[Start of Attachment]

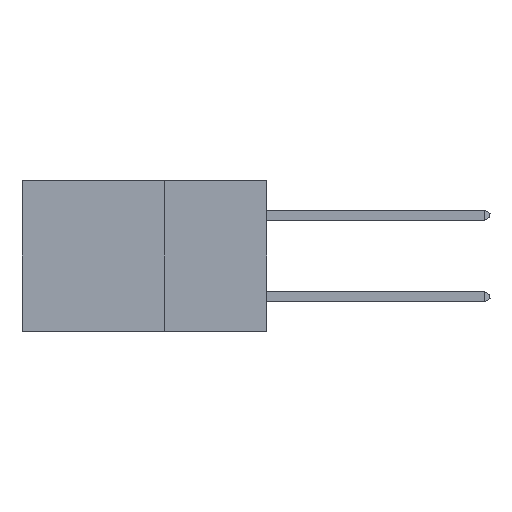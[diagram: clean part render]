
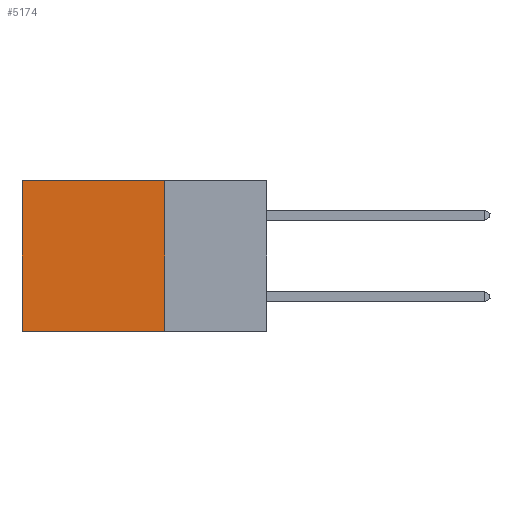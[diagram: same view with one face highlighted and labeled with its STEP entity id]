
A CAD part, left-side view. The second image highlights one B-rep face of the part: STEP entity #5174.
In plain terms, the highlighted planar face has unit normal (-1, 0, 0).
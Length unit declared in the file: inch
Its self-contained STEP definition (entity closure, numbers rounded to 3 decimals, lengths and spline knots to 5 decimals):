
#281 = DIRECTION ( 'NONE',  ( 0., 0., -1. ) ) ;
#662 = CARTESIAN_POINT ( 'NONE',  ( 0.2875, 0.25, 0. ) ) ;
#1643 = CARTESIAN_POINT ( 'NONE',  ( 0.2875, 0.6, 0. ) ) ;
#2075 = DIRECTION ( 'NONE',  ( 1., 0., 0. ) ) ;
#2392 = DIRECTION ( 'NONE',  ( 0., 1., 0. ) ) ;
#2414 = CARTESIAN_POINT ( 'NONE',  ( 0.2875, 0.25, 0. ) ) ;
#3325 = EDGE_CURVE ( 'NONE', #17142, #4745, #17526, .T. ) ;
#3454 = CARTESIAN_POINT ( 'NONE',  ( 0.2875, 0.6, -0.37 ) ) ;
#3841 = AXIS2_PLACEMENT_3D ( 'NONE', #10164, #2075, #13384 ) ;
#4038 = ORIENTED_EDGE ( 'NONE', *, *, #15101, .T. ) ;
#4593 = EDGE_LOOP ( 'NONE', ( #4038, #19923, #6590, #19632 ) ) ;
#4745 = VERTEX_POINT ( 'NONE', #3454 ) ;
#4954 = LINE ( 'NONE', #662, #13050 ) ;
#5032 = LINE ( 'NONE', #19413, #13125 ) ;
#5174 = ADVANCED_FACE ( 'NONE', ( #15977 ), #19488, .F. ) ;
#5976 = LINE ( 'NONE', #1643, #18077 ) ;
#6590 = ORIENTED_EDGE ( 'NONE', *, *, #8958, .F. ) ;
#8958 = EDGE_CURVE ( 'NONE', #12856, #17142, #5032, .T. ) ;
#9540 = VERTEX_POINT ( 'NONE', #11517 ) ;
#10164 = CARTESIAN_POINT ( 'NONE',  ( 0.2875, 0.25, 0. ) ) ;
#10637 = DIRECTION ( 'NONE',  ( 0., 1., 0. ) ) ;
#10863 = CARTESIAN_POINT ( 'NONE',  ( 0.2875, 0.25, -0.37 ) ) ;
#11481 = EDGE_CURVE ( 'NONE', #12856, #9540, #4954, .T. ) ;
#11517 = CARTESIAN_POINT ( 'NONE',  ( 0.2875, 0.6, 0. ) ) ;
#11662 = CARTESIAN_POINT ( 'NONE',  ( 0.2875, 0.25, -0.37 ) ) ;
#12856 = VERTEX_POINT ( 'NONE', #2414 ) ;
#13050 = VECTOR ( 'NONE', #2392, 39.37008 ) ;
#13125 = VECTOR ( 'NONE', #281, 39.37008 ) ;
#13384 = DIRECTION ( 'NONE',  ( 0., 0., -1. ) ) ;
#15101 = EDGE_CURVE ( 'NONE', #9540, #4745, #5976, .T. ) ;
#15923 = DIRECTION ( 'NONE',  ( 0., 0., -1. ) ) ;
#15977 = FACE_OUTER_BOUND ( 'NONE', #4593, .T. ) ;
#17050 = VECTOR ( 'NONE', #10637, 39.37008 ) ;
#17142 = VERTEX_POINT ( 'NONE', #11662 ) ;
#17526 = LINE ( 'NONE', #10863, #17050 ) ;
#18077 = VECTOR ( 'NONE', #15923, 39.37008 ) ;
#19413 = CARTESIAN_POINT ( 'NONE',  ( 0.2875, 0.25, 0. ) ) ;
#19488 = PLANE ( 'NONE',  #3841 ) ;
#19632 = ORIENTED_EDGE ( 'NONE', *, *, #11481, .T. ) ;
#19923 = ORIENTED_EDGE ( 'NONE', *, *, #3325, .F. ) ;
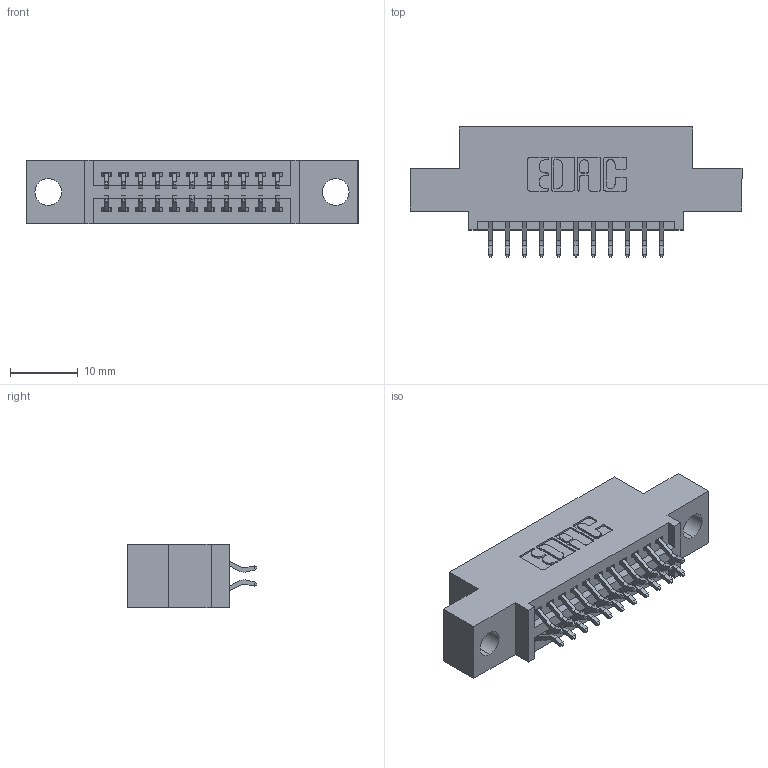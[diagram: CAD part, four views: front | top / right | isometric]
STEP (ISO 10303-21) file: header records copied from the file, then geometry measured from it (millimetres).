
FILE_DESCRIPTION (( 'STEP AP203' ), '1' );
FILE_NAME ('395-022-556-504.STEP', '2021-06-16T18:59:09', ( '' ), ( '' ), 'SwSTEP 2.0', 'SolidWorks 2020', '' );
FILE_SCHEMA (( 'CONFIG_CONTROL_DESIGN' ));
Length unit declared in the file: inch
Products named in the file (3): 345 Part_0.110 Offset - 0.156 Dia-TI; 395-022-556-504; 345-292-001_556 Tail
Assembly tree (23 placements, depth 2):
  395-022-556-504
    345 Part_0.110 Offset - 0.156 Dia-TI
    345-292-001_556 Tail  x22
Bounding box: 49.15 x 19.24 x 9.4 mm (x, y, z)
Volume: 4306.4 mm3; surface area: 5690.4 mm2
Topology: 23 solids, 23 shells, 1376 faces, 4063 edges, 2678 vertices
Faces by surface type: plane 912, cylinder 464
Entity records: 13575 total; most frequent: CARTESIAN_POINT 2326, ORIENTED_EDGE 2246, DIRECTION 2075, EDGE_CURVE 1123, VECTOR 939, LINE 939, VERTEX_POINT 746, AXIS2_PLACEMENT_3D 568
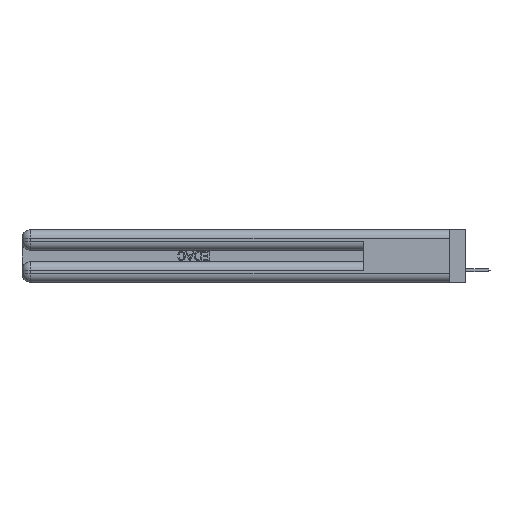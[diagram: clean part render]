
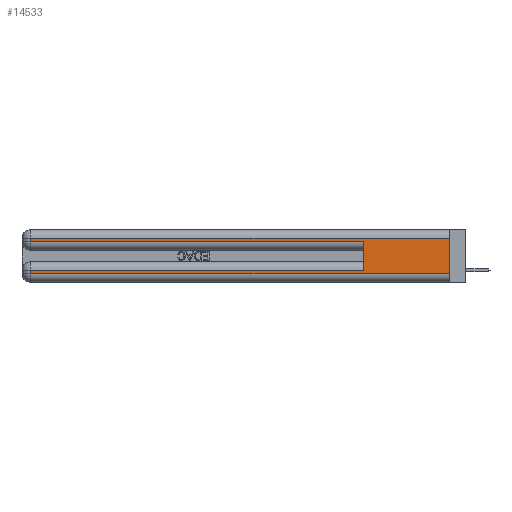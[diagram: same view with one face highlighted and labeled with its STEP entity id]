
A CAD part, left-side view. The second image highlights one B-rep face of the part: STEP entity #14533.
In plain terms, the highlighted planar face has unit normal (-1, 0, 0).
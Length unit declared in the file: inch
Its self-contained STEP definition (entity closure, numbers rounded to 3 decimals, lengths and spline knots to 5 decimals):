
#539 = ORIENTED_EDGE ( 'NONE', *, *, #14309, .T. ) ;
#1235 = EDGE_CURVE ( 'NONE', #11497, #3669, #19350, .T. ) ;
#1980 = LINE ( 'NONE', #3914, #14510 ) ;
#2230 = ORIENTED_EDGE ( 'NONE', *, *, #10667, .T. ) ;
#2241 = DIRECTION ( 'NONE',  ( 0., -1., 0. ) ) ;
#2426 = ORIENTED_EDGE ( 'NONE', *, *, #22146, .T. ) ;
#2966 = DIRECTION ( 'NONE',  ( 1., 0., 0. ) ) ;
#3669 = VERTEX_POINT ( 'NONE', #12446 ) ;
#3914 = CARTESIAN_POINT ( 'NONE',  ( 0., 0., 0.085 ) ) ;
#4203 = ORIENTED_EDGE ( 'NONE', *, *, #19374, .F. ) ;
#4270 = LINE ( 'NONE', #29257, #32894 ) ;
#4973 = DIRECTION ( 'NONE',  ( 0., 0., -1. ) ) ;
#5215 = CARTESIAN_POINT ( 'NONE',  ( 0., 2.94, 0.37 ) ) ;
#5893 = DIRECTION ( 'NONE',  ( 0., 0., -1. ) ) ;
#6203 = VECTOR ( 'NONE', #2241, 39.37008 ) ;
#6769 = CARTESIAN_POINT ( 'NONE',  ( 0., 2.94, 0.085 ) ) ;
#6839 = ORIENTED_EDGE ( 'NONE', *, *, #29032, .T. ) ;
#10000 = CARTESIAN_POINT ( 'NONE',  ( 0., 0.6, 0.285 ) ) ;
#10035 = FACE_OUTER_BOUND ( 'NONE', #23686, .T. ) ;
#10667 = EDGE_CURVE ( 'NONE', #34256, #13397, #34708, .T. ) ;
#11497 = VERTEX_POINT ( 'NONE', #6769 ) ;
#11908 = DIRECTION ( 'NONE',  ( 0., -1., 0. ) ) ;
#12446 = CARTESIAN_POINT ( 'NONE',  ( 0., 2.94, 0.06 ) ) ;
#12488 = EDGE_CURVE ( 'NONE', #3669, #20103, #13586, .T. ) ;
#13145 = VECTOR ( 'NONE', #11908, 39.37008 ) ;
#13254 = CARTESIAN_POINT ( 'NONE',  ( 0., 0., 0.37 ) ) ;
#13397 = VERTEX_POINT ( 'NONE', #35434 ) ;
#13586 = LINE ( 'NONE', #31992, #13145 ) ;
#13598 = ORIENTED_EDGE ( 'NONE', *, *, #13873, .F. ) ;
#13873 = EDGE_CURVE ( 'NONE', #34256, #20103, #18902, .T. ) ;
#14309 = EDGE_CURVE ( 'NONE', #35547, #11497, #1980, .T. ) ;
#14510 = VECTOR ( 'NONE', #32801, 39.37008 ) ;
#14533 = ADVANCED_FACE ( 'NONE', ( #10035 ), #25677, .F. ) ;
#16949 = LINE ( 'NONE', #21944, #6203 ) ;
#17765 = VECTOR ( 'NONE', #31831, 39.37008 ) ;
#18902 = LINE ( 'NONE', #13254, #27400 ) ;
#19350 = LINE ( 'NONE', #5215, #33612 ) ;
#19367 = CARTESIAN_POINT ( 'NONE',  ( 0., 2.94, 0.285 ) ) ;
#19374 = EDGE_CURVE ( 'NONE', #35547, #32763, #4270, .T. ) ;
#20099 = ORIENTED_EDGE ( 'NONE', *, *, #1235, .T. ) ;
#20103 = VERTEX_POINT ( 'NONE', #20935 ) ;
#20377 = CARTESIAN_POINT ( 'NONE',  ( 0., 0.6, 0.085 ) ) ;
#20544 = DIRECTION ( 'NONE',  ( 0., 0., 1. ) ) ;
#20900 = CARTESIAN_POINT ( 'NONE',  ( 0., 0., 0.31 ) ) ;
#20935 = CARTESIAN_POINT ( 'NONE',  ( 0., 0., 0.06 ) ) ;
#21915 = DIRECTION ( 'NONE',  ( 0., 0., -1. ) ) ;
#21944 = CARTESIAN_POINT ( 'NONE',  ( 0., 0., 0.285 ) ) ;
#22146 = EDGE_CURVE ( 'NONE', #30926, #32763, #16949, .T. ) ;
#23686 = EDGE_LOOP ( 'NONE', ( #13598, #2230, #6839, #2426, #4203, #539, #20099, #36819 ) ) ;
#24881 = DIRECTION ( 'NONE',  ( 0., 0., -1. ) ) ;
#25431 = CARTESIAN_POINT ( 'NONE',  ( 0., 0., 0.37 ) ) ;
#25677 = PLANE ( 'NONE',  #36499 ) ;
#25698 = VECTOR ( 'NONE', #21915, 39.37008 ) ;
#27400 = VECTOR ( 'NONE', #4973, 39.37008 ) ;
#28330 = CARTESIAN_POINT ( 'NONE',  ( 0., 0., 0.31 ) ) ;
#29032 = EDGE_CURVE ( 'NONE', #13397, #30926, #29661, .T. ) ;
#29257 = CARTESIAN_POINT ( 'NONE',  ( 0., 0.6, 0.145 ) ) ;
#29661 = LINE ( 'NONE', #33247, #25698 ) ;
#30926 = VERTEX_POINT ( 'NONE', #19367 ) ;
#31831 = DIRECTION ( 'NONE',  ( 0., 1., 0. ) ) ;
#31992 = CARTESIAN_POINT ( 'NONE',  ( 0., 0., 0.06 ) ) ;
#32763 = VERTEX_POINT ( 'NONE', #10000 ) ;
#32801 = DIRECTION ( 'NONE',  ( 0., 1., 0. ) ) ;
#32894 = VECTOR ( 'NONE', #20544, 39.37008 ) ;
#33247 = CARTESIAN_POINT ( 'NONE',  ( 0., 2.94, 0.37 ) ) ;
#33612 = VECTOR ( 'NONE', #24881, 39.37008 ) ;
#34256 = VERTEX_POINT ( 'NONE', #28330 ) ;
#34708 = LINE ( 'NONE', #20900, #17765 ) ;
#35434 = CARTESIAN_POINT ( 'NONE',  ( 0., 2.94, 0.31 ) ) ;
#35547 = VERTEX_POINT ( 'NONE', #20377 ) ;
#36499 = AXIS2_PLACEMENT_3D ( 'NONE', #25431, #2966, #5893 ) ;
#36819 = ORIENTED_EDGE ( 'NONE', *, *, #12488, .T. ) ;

[End of Attachment]

== Work to be completed ==
All lines in the entries above that include "highlights" should be found and copied.

== Answer space ==
A CAD part, left-side view. The second image highlights one B-rep face of the part: STEP entity #5174.
A CAD part, left-side view. The second image highlights one B-rep face of the part: STEP entity #14533.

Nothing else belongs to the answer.